Would you please return the lines of the material that contain the word "CIRCLE"?
▼
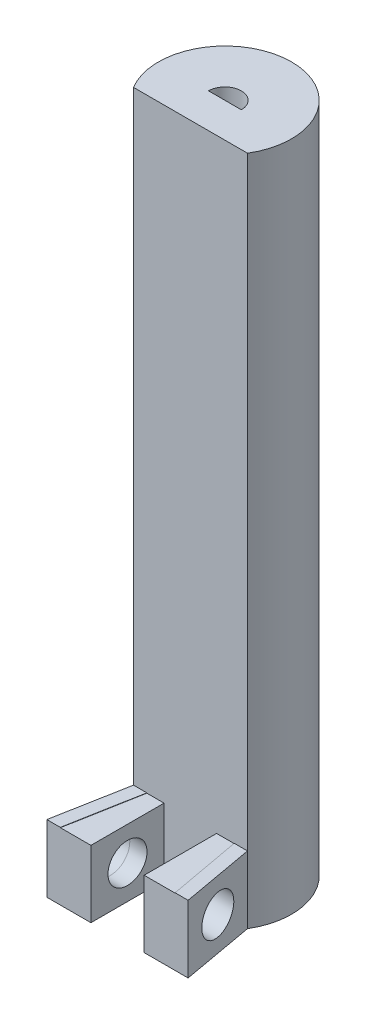
ISO-10303-21;
HEADER;
FILE_DESCRIPTION(('STEP AP214'),'2;1');
FILE_NAME('part.step','',(''),(''),'','','');
FILE_SCHEMA(('AUTOMOTIVE_DESIGN { 1 0 10303 214 1 1 1 1 }'));
ENDSEC;
DATA;
#1=APPLICATION_CONTEXT('core data for automotive mechanical design processes');
#2=APPLICATION_PROTOCOL_DEFINITION('international standard','automotive_design',2000,#1);
#3=PRODUCT_CONTEXT('',#1,'mechanical');
#4=PRODUCT('Part','Part','',(#3));
#5=PRODUCT_RELATED_PRODUCT_CATEGORY('part','',(#4));
#6=PRODUCT_DEFINITION_FORMATION('','',#4);
#7=PRODUCT_DEFINITION_CONTEXT('part definition',#1,'design');
#8=PRODUCT_DEFINITION('design','',#6,#7);
#9=PRODUCT_DEFINITION_SHAPE('','',#8);
#10=(LENGTH_UNIT() NAMED_UNIT(*) SI_UNIT(.MILLI.,.METRE.));
#11=(NAMED_UNIT(*) PLANE_ANGLE_UNIT() SI_UNIT($,.RADIAN.));
#12=(NAMED_UNIT(*) SI_UNIT($,.STERADIAN.) SOLID_ANGLE_UNIT());
#13=UNCERTAINTY_MEASURE_WITH_UNIT(LENGTH_MEASURE(1.E-05),#10,'distance_accuracy_value','');
#14=(GEOMETRIC_REPRESENTATION_CONTEXT(3) GLOBAL_UNCERTAINTY_ASSIGNED_CONTEXT((#13)) GLOBAL_UNIT_ASSIGNED_CONTEXT((#10,
#11,#12)) REPRESENTATION_CONTEXT('',''));
#15=CARTESIAN_POINT('',(0.,0.,0.));
#16=DIRECTION('',(0.,0.,1.));
#17=DIRECTION('',(1.,0.,0.));
#18=AXIS2_PLACEMENT_3D('',#15,#16,#17);
#19=CARTESIAN_POINT('',(10.8004451861737,28.448,6.53795652974117));
#20=DIRECTION('',(0.,0.,-1.));
#21=DIRECTION('',(-1.,0.,0.));
#22=AXIS2_PLACEMENT_3D('',#19,#20,#21);
#23=PLANE('',#22);
#24=DIRECTION('',(-1.,0.,0.));
#25=VECTOR('',#24,1.);
#26=CARTESIAN_POINT('',(10.8004451861737,-114.554,6.53795652974117));
#27=LINE('',#26,#25);
#28=CARTESIAN_POINT('',(-5.00994549213135,-114.554,6.53795652974117));
#29=VERTEX_POINT('',#28);
#30=CARTESIAN_POINT('',(-8.27477707509697,-114.554,6.53795652974117));
#31=VERTEX_POINT('',#30);
#32=EDGE_CURVE('E48',#29,#31,#27,.T.);
#33=ORIENTED_EDGE('',*,*,#32,.F.);
#34=DIRECTION('',(0.,1.,0.));
#35=VECTOR('',#34,1.);
#36=CARTESIAN_POINT('',(-5.00994549213135,28.448,6.53795652974117));
#37=LINE('',#36,#35);
#38=CARTESIAN_POINT('',(-5.00994549213135,-127.254,6.53795652974117));
#39=VERTEX_POINT('',#38);
#40=EDGE_CURVE('E11',#39,#29,#37,.T.);
#41=ORIENTED_EDGE('',*,*,#40,.F.);
#42=DIRECTION('',(1.,0.,0.));
#43=VECTOR('',#42,1.);
#44=CARTESIAN_POINT('',(10.8004451861737,-127.254,6.53795652974117));
#45=LINE('',#44,#43);
#46=CARTESIAN_POINT('',(4.94044133978893,-127.254,6.53795652974117));
#47=VERTEX_POINT('',#46);
#48=EDGE_CURVE('E251',#39,#47,#45,.T.);
#49=ORIENTED_EDGE('',*,*,#48,.T.);
#50=DIRECTION('',(0.,-1.,0.));
#51=VECTOR('',#50,1.);
#52=CARTESIAN_POINT('',(4.94044133978893,-114.554,6.53795652974117));
#53=LINE('',#52,#51);
#54=CARTESIAN_POINT('',(4.94044133978893,-114.554,6.53795652974117));
#55=VERTEX_POINT('',#54);
#56=EDGE_CURVE('E179',#55,#47,#53,.T.);
#57=ORIENTED_EDGE('',*,*,#56,.F.);
#58=DIRECTION('',(1.,0.,0.));
#59=VECTOR('',#58,1.);
#60=CARTESIAN_POINT('',(4.94044133978893,-114.554,6.53795652974117));
#61=LINE('',#60,#59);
#62=CARTESIAN_POINT('',(8.28788494052397,-114.554,6.53795652974117));
#63=VERTEX_POINT('',#62);
#64=EDGE_CURVE('E171',#55,#63,#61,.T.);
#65=ORIENTED_EDGE('',*,*,#64,.T.);
#66=DIRECTION('',(0.,-1.,0.));
#67=VECTOR('',#66,1.);
#68=CARTESIAN_POINT('',(8.28788494052397,-114.498809878987,6.53795652974117));
#69=LINE('',#68,#67);
#70=CARTESIAN_POINT('',(8.28788494052397,-114.498809878987,6.53795652974117));
#71=VERTEX_POINT('',#70);
#72=EDGE_CURVE('E212',#71,#63,#69,.T.);
#73=ORIENTED_EDGE('',*,*,#72,.F.);
#74=DIRECTION('',(1.,0.,0.));
#75=VECTOR('',#74,1.);
#76=CARTESIAN_POINT('',(10.8004451861737,-114.498809878987,6.53795652974117));
#77=LINE('',#76,#75);
#78=CARTESIAN_POINT('',(10.8004451861737,-114.498809878987,6.53795652974117));
#79=VERTEX_POINT('',#78);
#80=EDGE_CURVE('E203',#71,#79,#77,.T.);
#81=ORIENTED_EDGE('',*,*,#80,.T.);
#82=DIRECTION('',(0.,-1.,0.));
#83=VECTOR('',#82,1.);
#84=CARTESIAN_POINT('',(10.8004451861737,28.448,6.53795652974117));
#85=LINE('',#84,#83);
#86=CARTESIAN_POINT('',(10.8004451861737,0.,6.53795652974117));
#87=VERTEX_POINT('',#86);
#88=EDGE_CURVE('E256',#87,#79,#85,.T.);
#89=ORIENTED_EDGE('',*,*,#88,.F.);
#90=DIRECTION('',(-1.,0.,0.));
#91=VECTOR('',#90,1.);
#92=CARTESIAN_POINT('',(0.,0.,6.53795652974117));
#93=LINE('',#92,#91);
#94=CARTESIAN_POINT('',(-10.8004451861737,0.,6.53795652974117));
#95=VERTEX_POINT('',#94);
#96=EDGE_CURVE('E264',#87,#95,#93,.T.);
#97=ORIENTED_EDGE('',*,*,#96,.T.);
#98=DIRECTION('',(0.,-1.,0.));
#99=VECTOR('',#98,1.);
#100=CARTESIAN_POINT('',(-10.8004451861737,28.448,6.53795652974117));
#101=LINE('',#100,#99);
#102=CARTESIAN_POINT('',(-10.8004451861737,-114.498809878987,6.53795652974117));
#103=VERTEX_POINT('',#102);
#104=EDGE_CURVE('E255',#95,#103,#101,.T.);
#105=ORIENTED_EDGE('',*,*,#104,.T.);
#106=DIRECTION('',(1.,0.,0.));
#107=VECTOR('',#106,1.);
#108=CARTESIAN_POINT('',(-10.8004451861737,-114.498809878987,6.53795652974117));
#109=LINE('',#108,#107);
#110=CARTESIAN_POINT('',(-8.27477707509697,-114.498809878987,6.53795652974117));
#111=VERTEX_POINT('',#110);
#112=EDGE_CURVE('E226',#103,#111,#109,.T.);
#113=ORIENTED_EDGE('',*,*,#112,.T.);
#114=DIRECTION('',(0.,-1.,0.));
#115=VECTOR('',#114,1.);
#116=CARTESIAN_POINT('',(-8.27477707509697,-114.498809878987,6.53795652974117));
#117=LINE('',#116,#115);
#118=EDGE_CURVE('E238',#111,#31,#117,.T.);
#119=ORIENTED_EDGE('',*,*,#118,.T.);
#120=EDGE_LOOP('',(#33,#41,#49,#57,#65,#73,#81,#89,#97,#105,#113,#119));
#121=FACE_BOUND('',#120,.T.);
#122=ADVANCED_FACE('F33',(#121),#23,.F.);
#123=CARTESIAN_POINT('',(0.,-127.254,0.));
#124=DIRECTION('',(0.,1.,0.));
#125=DIRECTION('',(0.,0.,1.));
#126=AXIS2_PLACEMENT_3D('',#123,#124,#125);
#127=CYLINDRICAL_SURFACE('',#126,12.6251531398367);
#128=ORIENTED_EDGE('',*,*,#88,.T.);
#129=DIRECTION('',(0.,-1.,0.));
#130=VECTOR('',#129,1.);
#131=CARTESIAN_POINT('',(10.8004451861737,-114.498809878987,6.53795652974117));
#132=LINE('',#131,#130);
#133=CARTESIAN_POINT('',(10.8004451861737,-127.254,6.53795652974117));
#134=VERTEX_POINT('',#133);
#135=EDGE_CURVE('E209',#79,#134,#132,.T.);
#136=ORIENTED_EDGE('',*,*,#135,.T.);
#137=CARTESIAN_POINT('',(0.,-127.254,0.));
#138=DIRECTION('',(0.,1.,0.));
#139=DIRECTION('',(0.,0.,1.));
#140=AXIS2_PLACEMENT_3D('',#137,#138,#139);
#141=CIRCLE('',#140,12.6251531398367);
#142=CARTESIAN_POINT('',(-10.8004451861737,-127.254,6.53795652974117));
#143=VERTEX_POINT('',#142);
#144=EDGE_CURVE('E262',#134,#143,#141,.T.);
#145=ORIENTED_EDGE('',*,*,#144,.T.);
#146=DIRECTION('',(0.,-1.,0.));
#147=VECTOR('',#146,1.);
#148=CARTESIAN_POINT('',(-10.8004451861737,-114.498809878987,6.53795652974117));
#149=LINE('',#148,#147);
#150=EDGE_CURVE('E240',#103,#143,#149,.T.);
#151=ORIENTED_EDGE('',*,*,#150,.F.);
#152=ORIENTED_EDGE('',*,*,#104,.F.);
#153=CARTESIAN_POINT('',(0.,0.,0.));
#154=DIRECTION('',(0.,1.,0.));
#155=DIRECTION('',(0.,0.,1.));
#156=AXIS2_PLACEMENT_3D('',#153,#154,#155);
#157=CIRCLE('',#156,12.6251531398367);
#158=EDGE_CURVE('E259',#87,#95,#157,.T.);
#159=ORIENTED_EDGE('',*,*,#158,.F.);
#160=EDGE_LOOP('',(#128,#136,#145,#151,#152,#159));
#161=FACE_BOUND('',#160,.T.);
#162=ADVANCED_FACE('F35',(#161),#127,.T.);
#163=CARTESIAN_POINT('',(0.,-127.254,0.));
#164=DIRECTION('',(0.,1.,0.));
#165=DIRECTION('',(0.,0.,1.));
#166=AXIS2_PLACEMENT_3D('',#163,#164,#165);
#167=PLANE('',#166);
#168=ORIENTED_EDGE('',*,*,#48,.F.);
#169=DIRECTION('',(0.,0.,1.));
#170=VECTOR('',#169,1.);
#171=CARTESIAN_POINT('',(-5.00994549213136,-127.254,6.42605145082371));
#172=LINE('',#171,#170);
#173=CARTESIAN_POINT('',(-5.00994549213136,-127.254,20.3960514508237));
#174=VERTEX_POINT('',#173);
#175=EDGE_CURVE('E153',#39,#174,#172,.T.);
▲
[SOLVED EXERCISE]
#141=CIRCLE('',#140,12.6251531398367);
#157=CIRCLE('',#156,12.6251531398367);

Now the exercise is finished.